In-depth knowledge of the pathogen is not limited to its molecular biology but needs to encompass the existence of different strains, serogroups, and possible mutants. Where the selected immunogen is not conserved, the most common or the most relevant strains have to be selected. The route of infection also has to be taken into consideration: a virus that infects via the respiratory route might require different immunity and, therefore, different administration than a virus that infects via the gut, or by entering the bloodstream. Other important criteria to consider are the geographical target area, as well as the demographic of the most affected populations. Is a specific group (children, pregnant women, or older individuals) more severely affected than others? Is the vaccine designed for populations in developing countries, or in areas which lack refrigeration, or that are difficult to reach? The earlier these factors are taken into consideration, the higher the chances that an effective vaccine would reach the clinical stages of development.

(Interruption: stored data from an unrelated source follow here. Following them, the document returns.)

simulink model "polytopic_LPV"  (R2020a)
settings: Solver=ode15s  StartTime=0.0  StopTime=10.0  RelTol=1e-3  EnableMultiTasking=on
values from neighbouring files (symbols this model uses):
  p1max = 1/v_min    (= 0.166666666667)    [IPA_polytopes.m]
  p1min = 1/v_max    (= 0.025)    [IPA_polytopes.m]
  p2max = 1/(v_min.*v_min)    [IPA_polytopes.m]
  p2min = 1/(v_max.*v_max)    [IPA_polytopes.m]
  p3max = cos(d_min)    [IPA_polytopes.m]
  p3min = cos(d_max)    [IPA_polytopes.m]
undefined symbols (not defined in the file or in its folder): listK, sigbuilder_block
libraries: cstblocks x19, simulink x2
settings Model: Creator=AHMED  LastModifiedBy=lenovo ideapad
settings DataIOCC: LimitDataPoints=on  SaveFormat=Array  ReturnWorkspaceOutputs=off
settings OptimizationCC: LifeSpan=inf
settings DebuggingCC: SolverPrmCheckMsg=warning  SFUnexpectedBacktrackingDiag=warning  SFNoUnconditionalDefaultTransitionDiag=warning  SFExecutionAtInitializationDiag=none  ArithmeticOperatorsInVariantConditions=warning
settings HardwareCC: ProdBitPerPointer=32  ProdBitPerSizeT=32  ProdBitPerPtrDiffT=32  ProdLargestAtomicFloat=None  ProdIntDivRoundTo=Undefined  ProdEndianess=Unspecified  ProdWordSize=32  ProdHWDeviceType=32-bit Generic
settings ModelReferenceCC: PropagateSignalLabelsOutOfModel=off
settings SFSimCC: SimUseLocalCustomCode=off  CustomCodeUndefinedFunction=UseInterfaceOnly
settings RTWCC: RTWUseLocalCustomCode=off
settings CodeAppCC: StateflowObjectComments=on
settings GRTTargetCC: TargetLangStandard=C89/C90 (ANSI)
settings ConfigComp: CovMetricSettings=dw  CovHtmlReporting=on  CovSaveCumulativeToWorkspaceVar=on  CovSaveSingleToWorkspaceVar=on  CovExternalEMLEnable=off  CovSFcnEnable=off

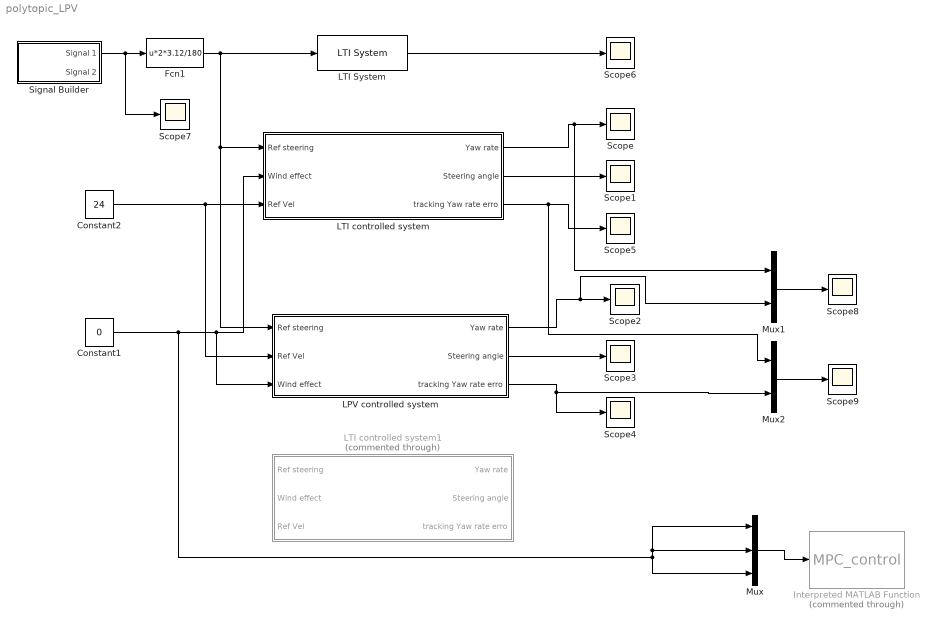
== system polytopic_LPV ==
  Constant1 : Constant  Value=0
  Constant2 : Constant  Value=24
  Fcn1 : Fcn  Expr=u*2*3.12/180
  Interpreted MATLAB Function : MATLABFcn  Commented=through  MATLABFcn=MPC_control  OutputDimensions=3
  LPV controlled system : Subsystem
  LTI System : cstblocks/LTI System  sys=Pr  IC=[]
  LTI controlled system : Subsystem
  LTI controlled system1 : Subsystem  Commented=through
  Mux : Mux  Inputs=3
  Mux1 : Mux  Inputs=2
  Mux2 : Mux  Inputs=2
  Scope{,1..9} (10 alike) : Scope
  Signal Builder : Subsystem  Tag=STV Subsys  LoadFcn=sigbuilder_block('load');  StartFcn=sigbuilder_block('start');  StopFcn=sigbuilder_block('stop');  ClipboardFcn=sigbuilder_block('clipboard');  mask(Sigbuilder block){tuvar=[0:10]}
      mask help: Simulink:masks:SigbuilderBlock_MD
      mask init:
      | if ~strcmp(get_param(bdroot(gcbh),'SimulationStatus'),'stopped') tuvar = sigbuilder_block('maskInit'); end
      settings: CopyFcn=sigbuilder_block('copy');  DeleteFcn=sigbuilder_block('delete');  ModelCloseFcn=sigbuilder_block('modelClose');  PreSaveFcn=sigbuilder_block('preSave');  PauseFcn=sigbuilder_block('pause');  ContinueFcn=sigbuilder_block('continue');  NameChangeFcn=sigbuilder_block('namechange');  OpenFcn=sigbuilder_block('open',[6 28.5 1012.5 483.75 ]);  CloseFcn=sigbuilder_block('close');
      mask Display: plot(0, 0, 100, 100,[2, 2, 32, 32, 2], [68, 8, 8, 68, 68],[32, 2], [38, 38], [32, 19, 2],[53, 60, 44], [32, 17, 17, 2],[16, 16, 31, 31]);txt = getActiveGroup(gcbh);text(2, 100, txt,'verticalAlignment', 'top');
  wires:
  LTI controlled system/1(Yaw rate) -> Mux1/1, Scope/1
  LTI controlled system/2(Steering angle) -> Scope1/1
  LPV controlled system/1(Yaw rate) -> Mux1/2, Scope2/1
  LPV controlled system/2(Steering angle) -> Scope3/1
  Constant2/1 -> LPV controlled system/2(Ref Vel), LTI controlled system/3(Ref Vel)
  Constant1/1 -> Mux/2, Mux/1, Mux/3, LPV controlled system/3(Wind effect), LTI controlled system/2(Wind effect)
  Fcn1/1 -> LTI System/1, LPV controlled system/1(Ref steering), LTI controlled system/1(Ref steering)
  LTI System/1 -> Scope6/1
  Mux/1 -> Interpreted MATLAB Function/1
  Signal Builder/1(Signal 1) -> Scope7/1, Fcn1/1
  Mux1/1 -> Scope8/1
  LTI controlled system/3(tracking Yaw rate erro) -> Mux2/1, Scope5/1
  LPV controlled system/3(tracking Yaw rate erro) -> Mux2/2, Scope4/1
  Mux2/1 -> Scope9/1

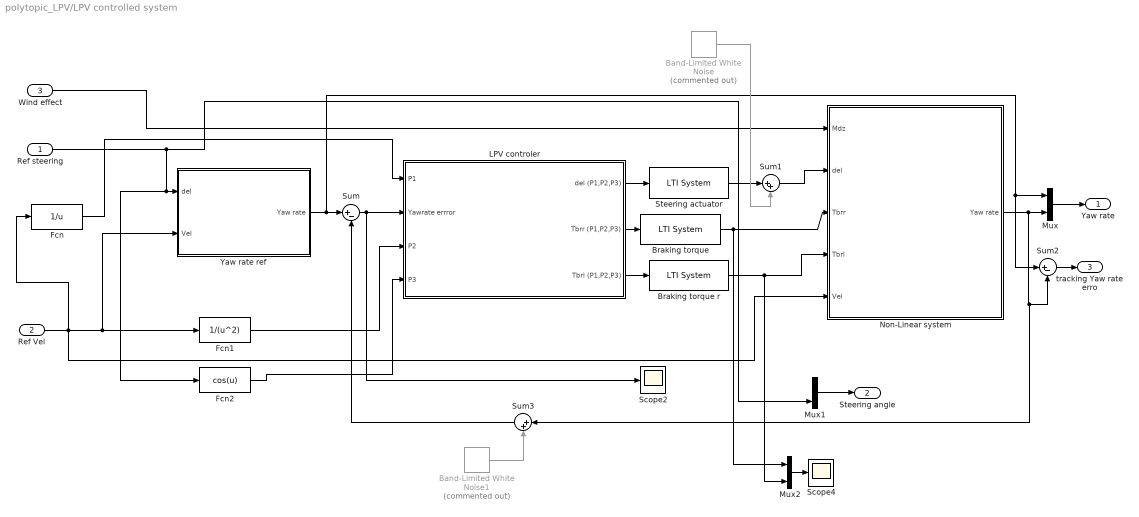
== system polytopic_LPV/LPV controlled system ==
  Ref steering : Inport
  Ref Vel : Inport  Port=2
  Wind effect : Inport  Port=3
  Band-Limited White Noise : simulink/Sources/Band-Limited White Noise  Commented=on  Cov=[0.1]  Ts=0.1  seed=[23341]
  Band-Limited White Noise1 : simulink/Sources/Band-Limited White Noise  Commented=on  Cov=[0.1]  Ts=0.1  seed=[23341]
  Braking torque : cstblocks/LTI System  sys=WactBr  IC=[]
  Braking torque r : cstblocks/LTI System  sys=WactBl  IC=[]
  Fcn : Fcn  Expr=1/u
  Fcn1 : Fcn  Expr=1/(u^2)
  Fcn2 : Fcn  Expr=cos(u)
  LPV controler : Subsystem
  Mux : Mux  Inputs=2
  Mux1 : Mux  Inputs=2
  Mux2 : Mux  Inputs=2
  Non-Linear system : Subsystem
  Scope2 : Scope
  Scope4 : Scope
  Steering actuator : cstblocks/LTI System  sys=WactS  IC=[]
  Sum : Sum  Inputs=|+-
  Sum1 : Sum  Inputs=|++
  Sum2 : Sum  Inputs=|+-
  Sum3 : Sum  Inputs=|++
  Yaw rate ref : Subsystem
  Yaw rate : Outport
  Steering angle : Outport  Port=2
  tracking Yaw rate erro : Outport  Port=3
  wires:
  Sum/1 -> LPV controler/2("Yawrate errror "), Scope2/1
  Wind effect/1 -> Non-Linear system/1(Mdz)
  Ref Vel/1 -> Non-Linear system/5(Vel), Yaw rate ref/2(Vel), Fcn1/1, Fcn/1
  Ref steering/1 -> Mux1/2, Yaw rate ref/1(del), Fcn2/1
  Mux/1 -> Yaw rate/1
  Mux2/1 -> Scope4/1
  Mux1/1 -> Steering angle/1
  Fcn2/1 -> LPV controler/4(P3)
  LPV controler/1(del (P1,P2,P3)) -> Steering actuator/1
  LPV controler/3(Tbrl (P1,P2,P3)) -> Braking torque r/1
  LPV controler/2(Tbrr (P1,P2,P3)) -> Braking torque/1
  Fcn/1 -> LPV controler/1(P1)
  Fcn1/1 -> LPV controler/3(P2)
  Yaw rate ref/1(Yaw rate) -> Sum/1, Sum2/1, Mux/1
  Non-Linear system/1(Yaw rate) -> Sum3/1, Sum2/2, Mux/2
  Sum2/1 -> tracking Yaw rate erro/1
  Braking torque/1 -> Mux2/1, Non-Linear system/3(Tbrr)
  Braking torque r/1 -> Mux2/2, Non-Linear system/4(Tbrl)
  Steering actuator/1 -> Sum1/1
  Band-Limited White Noise/1 -> Sum1/2
  Sum1/1 -> Non-Linear system/2(del)
  Sum3/1 -> Sum/2
  Band-Limited White Noise1/1 -> Sum3/2

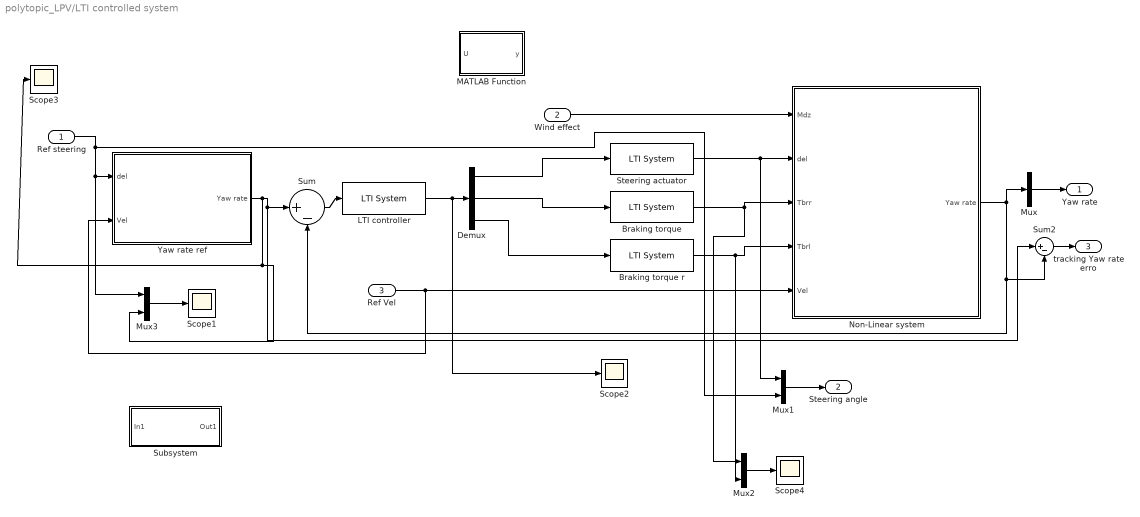
== system polytopic_LPV/LTI controlled system ==
  Ref steering : Inport
  Wind effect : Inport  Port=2
  Ref Vel : Inport  Port=3
  Braking torque : cstblocks/LTI System  sys=WactBr  IC=[]
  Braking torque r : cstblocks/LTI System  sys=WactBl  IC=[]
  Demux : Demux  Outputs=3
  LTI controller : cstblocks/LTI System  sys=KLTI  IC=[]
  MATLAB Function : MATLAB Function  TreatAsAtomicUnit=on
  Mux : Mux  Inputs=1
  Mux1 : Mux  Inputs=2
  Mux2 : Mux  Inputs=2
  Mux3 : Mux  Inputs=2
  Non-Linear system : Subsystem
  Scope{1..4} (4 alike) : Scope
  Steering actuator : cstblocks/LTI System  sys=WactS  IC=[]
  Subsystem : Subsystem
  Sum : Sum  Inputs=|+-
  Sum2 : Sum  Inputs=|+-
  Yaw rate ref : Subsystem
  Yaw rate : Outport
  Steering angle : Outport  Port=2
  tracking Yaw rate erro : Outport  Port=3
  wires:
  Yaw rate ref/1(Yaw rate) -> Sum2/1, Sum/1, Mux3/2, Scope3/1
  Sum/1 -> LTI controller/1
  LTI controller/1 -> Scope2/1, Demux/1
  Non-Linear system/1(Yaw rate) -> Mux/1, Sum2/2, Sum/2
  Wind effect/1 -> Non-Linear system/1(Mdz)
  Ref Vel/1 -> Yaw rate ref/2(Vel), Non-Linear system/5(Vel)
  Ref steering/1 -> Mux1/2, Yaw rate ref/1(del), Mux3/1
  Mux/1 -> Yaw rate/1
  Demux/1 -> Steering actuator/1
  Braking torque r/1 -> Mux2/2, Non-Linear system/4(Tbrl)
  Demux/3 -> Braking torque r/1
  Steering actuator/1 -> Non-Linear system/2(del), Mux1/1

Preparing for the unexpected

So far, it looks like a lot of work, but fairly straightforward: by thoroughly investigating pathogen, immunity, and epidemiology, and harnessing all the newly developed methodologies, it looks like there may be a solution for every pathogen out there. Unfortunately, this is hardly the case. The first obstacle is that viruses mutate, and some of them mutate too fast to keep up with. We have become quite good at making vaccines against flu, but these vaccines still need to be made once per year. A vaccine against HIV is still elusive, specifically because of the very high mutation rate that would render a vaccine completely obsolete in no time. There are also viruses that play havoc with our immune response, or that have evolved to use it to their advantage. Non-neutralising concentrations of antibodies have been shown to facilitate dengue virus access to the very cells that support its replication, exacerbating infection in individuals exposed to the virus for the second time. Our still limited knowledge of immunity and especially of immune regulatory mechanisms also precludes our ability to exactly predict vaccine effectiveness, particularly in understudied age groups, populations, or immune-compromised patients. Even with these limitations, however, the field has made huge progress, ensuring that effective and safe vaccines are available against an impressive number of almost forgotten horrible diseases. Also, many more candidates against new and emerging viruses are at various stages of clinical trials. In the next blogs, we will explore the steps that take vaccines from bench to humans, and we will dig deeper into the unsung heroes of vaccinations: adjuvants.